Segment Start: Data records

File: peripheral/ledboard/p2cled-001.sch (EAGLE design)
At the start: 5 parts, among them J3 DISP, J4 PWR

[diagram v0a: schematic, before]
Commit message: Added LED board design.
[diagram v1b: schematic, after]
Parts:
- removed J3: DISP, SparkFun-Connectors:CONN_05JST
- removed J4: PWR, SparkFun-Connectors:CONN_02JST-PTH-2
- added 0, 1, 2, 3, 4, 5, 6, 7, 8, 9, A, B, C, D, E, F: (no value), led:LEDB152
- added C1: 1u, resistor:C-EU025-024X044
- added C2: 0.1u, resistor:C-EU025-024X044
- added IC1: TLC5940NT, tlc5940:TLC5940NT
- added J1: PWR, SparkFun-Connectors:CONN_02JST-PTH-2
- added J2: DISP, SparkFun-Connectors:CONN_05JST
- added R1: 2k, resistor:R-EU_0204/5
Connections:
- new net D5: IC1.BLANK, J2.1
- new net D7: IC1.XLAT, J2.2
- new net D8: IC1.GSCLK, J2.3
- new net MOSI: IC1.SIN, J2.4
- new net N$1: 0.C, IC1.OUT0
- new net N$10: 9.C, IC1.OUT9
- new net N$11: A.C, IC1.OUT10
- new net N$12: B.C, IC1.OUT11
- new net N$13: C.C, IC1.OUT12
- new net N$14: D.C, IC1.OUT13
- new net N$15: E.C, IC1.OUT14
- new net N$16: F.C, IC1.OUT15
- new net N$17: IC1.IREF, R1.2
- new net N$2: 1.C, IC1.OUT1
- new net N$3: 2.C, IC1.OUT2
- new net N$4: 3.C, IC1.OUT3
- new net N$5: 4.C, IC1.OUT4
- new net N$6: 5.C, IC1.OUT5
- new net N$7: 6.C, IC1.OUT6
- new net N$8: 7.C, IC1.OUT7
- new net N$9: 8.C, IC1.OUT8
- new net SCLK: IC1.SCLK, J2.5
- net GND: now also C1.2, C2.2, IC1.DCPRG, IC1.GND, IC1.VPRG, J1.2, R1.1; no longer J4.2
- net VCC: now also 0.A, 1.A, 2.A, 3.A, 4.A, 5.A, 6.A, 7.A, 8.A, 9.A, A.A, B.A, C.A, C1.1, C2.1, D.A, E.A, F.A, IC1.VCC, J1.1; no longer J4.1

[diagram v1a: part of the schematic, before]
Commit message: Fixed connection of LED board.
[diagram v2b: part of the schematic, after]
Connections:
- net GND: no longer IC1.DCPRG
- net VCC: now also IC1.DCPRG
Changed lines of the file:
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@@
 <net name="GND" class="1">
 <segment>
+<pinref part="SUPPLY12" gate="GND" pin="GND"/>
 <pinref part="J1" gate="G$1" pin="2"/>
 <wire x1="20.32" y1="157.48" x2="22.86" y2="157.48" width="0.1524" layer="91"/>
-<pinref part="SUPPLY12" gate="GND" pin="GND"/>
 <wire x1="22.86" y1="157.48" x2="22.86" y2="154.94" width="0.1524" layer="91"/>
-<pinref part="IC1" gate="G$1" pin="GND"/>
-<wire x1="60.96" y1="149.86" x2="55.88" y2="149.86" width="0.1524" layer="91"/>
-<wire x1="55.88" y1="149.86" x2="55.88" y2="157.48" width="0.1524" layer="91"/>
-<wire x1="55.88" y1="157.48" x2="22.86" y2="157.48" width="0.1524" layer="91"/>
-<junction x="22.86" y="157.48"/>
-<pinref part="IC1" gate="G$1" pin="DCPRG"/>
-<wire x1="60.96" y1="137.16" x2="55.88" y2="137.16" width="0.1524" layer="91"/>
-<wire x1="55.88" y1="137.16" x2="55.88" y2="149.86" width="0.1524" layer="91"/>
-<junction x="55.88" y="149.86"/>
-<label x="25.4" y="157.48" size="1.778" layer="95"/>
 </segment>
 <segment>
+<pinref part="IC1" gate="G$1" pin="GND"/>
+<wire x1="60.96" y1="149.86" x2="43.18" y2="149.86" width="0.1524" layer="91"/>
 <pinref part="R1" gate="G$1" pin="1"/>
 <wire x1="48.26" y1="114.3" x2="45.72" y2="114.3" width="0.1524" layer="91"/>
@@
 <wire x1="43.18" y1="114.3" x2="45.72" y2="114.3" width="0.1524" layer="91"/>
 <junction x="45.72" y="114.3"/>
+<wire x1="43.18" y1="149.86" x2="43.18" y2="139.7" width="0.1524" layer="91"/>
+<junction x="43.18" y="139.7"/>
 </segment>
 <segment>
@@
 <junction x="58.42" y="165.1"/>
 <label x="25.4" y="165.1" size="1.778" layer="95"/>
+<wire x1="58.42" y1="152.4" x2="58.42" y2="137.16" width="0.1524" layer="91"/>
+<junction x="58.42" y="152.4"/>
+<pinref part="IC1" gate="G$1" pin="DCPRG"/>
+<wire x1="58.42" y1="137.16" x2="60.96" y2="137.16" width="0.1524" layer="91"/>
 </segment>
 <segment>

Segment End: Data records

_Exercise details_. All lines of the listing that contain the word "Connectors" should be copied out.

_Answer to this exercise_.
- removed J3: DISP, SparkFun-Connectors:CONN_05JST
- removed J4: PWR, SparkFun-Connectors:CONN_02JST-PTH-2
- added J1: PWR, SparkFun-Connectors:CONN_02JST-PTH-2
- added J2: DISP, SparkFun-Connectors:CONN_05JST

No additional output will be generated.